# Odd clumps on Java Moss?



## JSeymour (May 26, 2016)

I noticed something the other day on my java moss, something I've never seen in all the years of keeping it. Hopefully someone else has seen it before. All of the globs are located on the freshly grown tips. The globs seem to last for about two days, then new ones appear at different locations. Each white speck is separate and sways independently with the current. I know the fruiting bodies of mosses don't typically look like this, but then again, no one has ever seen the fruiting body of java moss.










Yes, I know I have pond snails, and no, the globs aren't eggs.  It's also not rotting food, I don't feed this tank.

Here's a close up or two.



















A few details that might help answer my question. The aquarium is a 20 gallon high, half filled with water. Lighting is provided by two 26 watt 5600K CFLs that run for 9 hours per day.
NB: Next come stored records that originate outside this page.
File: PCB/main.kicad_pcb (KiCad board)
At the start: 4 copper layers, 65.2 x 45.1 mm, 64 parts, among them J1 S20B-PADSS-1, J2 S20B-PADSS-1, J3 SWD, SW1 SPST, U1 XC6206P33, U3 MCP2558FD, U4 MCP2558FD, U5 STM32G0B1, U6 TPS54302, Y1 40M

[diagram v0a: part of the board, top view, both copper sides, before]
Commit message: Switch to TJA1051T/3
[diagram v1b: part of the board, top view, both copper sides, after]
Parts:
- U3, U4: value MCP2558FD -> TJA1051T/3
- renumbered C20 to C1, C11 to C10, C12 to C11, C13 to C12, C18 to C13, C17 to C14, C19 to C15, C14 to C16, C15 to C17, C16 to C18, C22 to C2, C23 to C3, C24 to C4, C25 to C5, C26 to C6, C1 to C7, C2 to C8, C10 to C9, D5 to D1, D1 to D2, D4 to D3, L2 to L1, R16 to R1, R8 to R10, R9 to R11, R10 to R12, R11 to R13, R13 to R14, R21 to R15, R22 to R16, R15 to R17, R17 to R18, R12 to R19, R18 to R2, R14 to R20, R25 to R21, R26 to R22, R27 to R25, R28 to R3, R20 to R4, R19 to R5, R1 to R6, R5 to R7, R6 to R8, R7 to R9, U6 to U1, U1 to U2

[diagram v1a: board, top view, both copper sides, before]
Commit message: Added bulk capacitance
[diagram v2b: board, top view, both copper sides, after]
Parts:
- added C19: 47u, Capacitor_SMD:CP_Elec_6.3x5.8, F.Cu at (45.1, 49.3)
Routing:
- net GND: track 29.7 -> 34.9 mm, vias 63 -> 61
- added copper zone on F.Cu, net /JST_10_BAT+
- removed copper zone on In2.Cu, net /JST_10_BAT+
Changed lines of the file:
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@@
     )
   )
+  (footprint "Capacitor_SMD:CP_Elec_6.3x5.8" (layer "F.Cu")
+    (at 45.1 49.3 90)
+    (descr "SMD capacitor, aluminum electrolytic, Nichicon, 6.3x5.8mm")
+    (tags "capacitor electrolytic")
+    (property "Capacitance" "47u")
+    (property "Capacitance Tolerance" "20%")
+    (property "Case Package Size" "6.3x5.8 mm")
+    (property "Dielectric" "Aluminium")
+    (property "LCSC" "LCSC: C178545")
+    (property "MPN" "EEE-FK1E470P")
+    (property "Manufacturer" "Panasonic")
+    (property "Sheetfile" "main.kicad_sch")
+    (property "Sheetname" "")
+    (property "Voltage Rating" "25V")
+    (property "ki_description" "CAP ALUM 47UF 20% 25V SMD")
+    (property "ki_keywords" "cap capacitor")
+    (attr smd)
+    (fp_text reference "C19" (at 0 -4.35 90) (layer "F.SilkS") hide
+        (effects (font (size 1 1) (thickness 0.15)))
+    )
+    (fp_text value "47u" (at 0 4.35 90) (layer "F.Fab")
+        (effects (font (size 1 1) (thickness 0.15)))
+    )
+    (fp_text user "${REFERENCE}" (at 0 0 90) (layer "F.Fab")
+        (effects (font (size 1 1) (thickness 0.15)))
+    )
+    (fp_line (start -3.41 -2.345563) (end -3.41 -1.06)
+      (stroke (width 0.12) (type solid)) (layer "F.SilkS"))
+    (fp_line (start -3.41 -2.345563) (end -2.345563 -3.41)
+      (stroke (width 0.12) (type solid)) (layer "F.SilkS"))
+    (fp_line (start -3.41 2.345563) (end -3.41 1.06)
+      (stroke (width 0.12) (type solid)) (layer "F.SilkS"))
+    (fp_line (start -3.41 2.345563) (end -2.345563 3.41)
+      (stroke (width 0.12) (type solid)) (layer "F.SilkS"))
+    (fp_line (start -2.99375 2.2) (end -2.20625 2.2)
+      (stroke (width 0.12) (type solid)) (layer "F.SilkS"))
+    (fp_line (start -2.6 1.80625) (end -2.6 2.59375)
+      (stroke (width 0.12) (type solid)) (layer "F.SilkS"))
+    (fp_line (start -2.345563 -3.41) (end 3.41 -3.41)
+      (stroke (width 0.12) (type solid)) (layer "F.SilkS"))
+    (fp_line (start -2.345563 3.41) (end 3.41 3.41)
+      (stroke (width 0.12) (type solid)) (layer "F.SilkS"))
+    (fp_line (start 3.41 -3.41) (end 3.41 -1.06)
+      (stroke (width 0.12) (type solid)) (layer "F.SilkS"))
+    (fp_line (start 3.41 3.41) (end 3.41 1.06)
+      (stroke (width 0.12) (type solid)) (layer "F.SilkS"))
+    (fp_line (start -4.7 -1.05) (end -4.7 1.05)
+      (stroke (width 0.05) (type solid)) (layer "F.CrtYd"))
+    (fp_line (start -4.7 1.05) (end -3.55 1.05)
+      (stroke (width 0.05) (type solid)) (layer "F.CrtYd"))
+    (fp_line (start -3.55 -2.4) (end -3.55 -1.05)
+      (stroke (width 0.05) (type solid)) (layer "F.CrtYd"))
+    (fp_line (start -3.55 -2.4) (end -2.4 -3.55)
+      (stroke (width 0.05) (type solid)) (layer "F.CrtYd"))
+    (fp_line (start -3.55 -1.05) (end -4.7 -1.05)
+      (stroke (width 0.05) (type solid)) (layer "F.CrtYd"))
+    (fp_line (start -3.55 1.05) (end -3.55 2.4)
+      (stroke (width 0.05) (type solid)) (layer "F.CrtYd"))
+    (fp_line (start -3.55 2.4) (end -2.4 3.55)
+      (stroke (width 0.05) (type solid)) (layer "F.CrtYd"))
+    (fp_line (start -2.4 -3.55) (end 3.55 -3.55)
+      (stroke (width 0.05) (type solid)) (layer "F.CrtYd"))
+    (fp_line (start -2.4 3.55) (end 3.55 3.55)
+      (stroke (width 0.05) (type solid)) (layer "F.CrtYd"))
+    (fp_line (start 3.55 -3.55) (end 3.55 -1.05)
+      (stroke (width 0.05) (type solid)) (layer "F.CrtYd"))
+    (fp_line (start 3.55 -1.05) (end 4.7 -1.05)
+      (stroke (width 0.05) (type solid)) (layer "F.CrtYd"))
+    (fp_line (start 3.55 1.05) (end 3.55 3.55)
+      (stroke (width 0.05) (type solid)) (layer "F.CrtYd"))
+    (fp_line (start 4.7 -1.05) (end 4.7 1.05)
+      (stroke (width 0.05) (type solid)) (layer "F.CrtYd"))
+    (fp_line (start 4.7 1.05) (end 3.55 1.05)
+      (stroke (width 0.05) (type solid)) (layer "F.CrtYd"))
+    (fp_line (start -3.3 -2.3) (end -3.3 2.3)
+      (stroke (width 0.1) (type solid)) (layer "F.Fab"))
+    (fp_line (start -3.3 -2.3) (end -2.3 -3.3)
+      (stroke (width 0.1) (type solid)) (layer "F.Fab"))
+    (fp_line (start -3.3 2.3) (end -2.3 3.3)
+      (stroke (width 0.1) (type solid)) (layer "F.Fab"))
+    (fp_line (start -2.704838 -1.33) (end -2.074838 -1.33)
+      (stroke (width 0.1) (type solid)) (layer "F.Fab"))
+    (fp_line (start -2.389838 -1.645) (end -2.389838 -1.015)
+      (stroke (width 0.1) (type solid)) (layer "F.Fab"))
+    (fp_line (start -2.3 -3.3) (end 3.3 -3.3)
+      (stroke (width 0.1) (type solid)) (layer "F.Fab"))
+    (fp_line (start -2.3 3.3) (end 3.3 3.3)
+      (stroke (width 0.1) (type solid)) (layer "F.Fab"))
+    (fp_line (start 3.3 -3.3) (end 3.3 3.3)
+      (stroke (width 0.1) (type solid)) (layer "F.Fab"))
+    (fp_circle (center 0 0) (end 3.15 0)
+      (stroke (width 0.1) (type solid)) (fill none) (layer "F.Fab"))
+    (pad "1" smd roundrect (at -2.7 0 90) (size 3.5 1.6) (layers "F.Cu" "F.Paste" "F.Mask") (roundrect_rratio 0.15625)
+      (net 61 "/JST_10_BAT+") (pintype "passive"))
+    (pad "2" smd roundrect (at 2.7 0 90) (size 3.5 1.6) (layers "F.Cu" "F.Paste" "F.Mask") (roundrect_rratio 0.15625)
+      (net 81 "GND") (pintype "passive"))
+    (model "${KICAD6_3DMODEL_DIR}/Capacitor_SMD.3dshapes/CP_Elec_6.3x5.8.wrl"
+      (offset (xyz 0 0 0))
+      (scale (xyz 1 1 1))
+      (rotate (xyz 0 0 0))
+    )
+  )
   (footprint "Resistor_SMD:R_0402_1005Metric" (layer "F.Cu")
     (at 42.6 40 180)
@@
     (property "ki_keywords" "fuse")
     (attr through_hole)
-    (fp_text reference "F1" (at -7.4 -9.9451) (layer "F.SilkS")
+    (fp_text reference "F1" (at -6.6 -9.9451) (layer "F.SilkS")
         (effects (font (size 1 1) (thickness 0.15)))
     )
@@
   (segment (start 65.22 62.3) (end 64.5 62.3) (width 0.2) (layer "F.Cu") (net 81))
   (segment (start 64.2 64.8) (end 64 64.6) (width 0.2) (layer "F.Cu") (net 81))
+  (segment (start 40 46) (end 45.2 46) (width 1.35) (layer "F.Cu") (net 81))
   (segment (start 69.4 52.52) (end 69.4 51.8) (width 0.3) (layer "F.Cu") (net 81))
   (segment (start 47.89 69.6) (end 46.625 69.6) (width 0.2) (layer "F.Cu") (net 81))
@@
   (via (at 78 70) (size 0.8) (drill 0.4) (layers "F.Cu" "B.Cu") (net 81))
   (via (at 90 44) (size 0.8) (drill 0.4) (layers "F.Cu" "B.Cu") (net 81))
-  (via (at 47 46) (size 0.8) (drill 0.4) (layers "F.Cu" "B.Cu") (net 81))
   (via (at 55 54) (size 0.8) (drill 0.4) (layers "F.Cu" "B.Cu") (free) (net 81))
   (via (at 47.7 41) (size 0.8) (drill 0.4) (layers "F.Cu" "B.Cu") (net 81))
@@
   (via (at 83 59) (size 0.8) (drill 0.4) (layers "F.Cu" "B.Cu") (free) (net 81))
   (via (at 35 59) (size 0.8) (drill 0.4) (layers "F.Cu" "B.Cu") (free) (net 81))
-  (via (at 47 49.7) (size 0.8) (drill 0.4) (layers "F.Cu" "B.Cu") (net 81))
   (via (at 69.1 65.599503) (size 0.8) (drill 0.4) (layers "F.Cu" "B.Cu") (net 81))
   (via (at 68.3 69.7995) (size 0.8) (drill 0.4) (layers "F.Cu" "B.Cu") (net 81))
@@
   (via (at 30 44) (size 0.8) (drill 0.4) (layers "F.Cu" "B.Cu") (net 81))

The temperature does fluctuate a bit due to being in the garage, but stays about 80-82 degrees F. No testing is done for nutrients, macro or micro. Water quality is maintained via 50% water changes every 6 days, and fertilizing in excess with General Hydroponics Flora Series(have been using for years, works great, Anubias love it) using a 10% hydroponic solution every 3 days. Vinegar is dosed at 5 ml, as a carbon source, daily. There is no filtration, only some rigid airline for circulation.

A little history of the tank might help too. As I mentioned, this tank is in the garage. This winter, my county lost power for nearly two weeks(10 days for me) due to a storm. Temperatures were below freezing. After the power came on, there were two survivors, a Cryptocoryne and some java moss. Could this have cycled the moss, causing it to go sexual?

Now that you've seen the pics, any idea what it could be?


----------



## miremonster (Mar 26, 2006)

I think, ciliates of the family Vorticellidae. Harmless.
Compare http://www.gbif.org/species/100475598


----------



## JSeymour (May 26, 2016)

Ah, thank you, colonial peritrich ciliates they are indeed. I harvested and cultured some copepods and clam shrimp a while ago. I remember separating a few gravid females of each to start my cultures and thinking I should throw them under the microscope, but never did. One or all must have been carrying them. I guess I lucked out with them being harmless.


----------



## miremonster (Mar 26, 2006)

They're called "Glockentierchen" in German, I found the translation "bell animalcule" on leo.org. I've noticed that they are often proliferating during periods of bacteria haze.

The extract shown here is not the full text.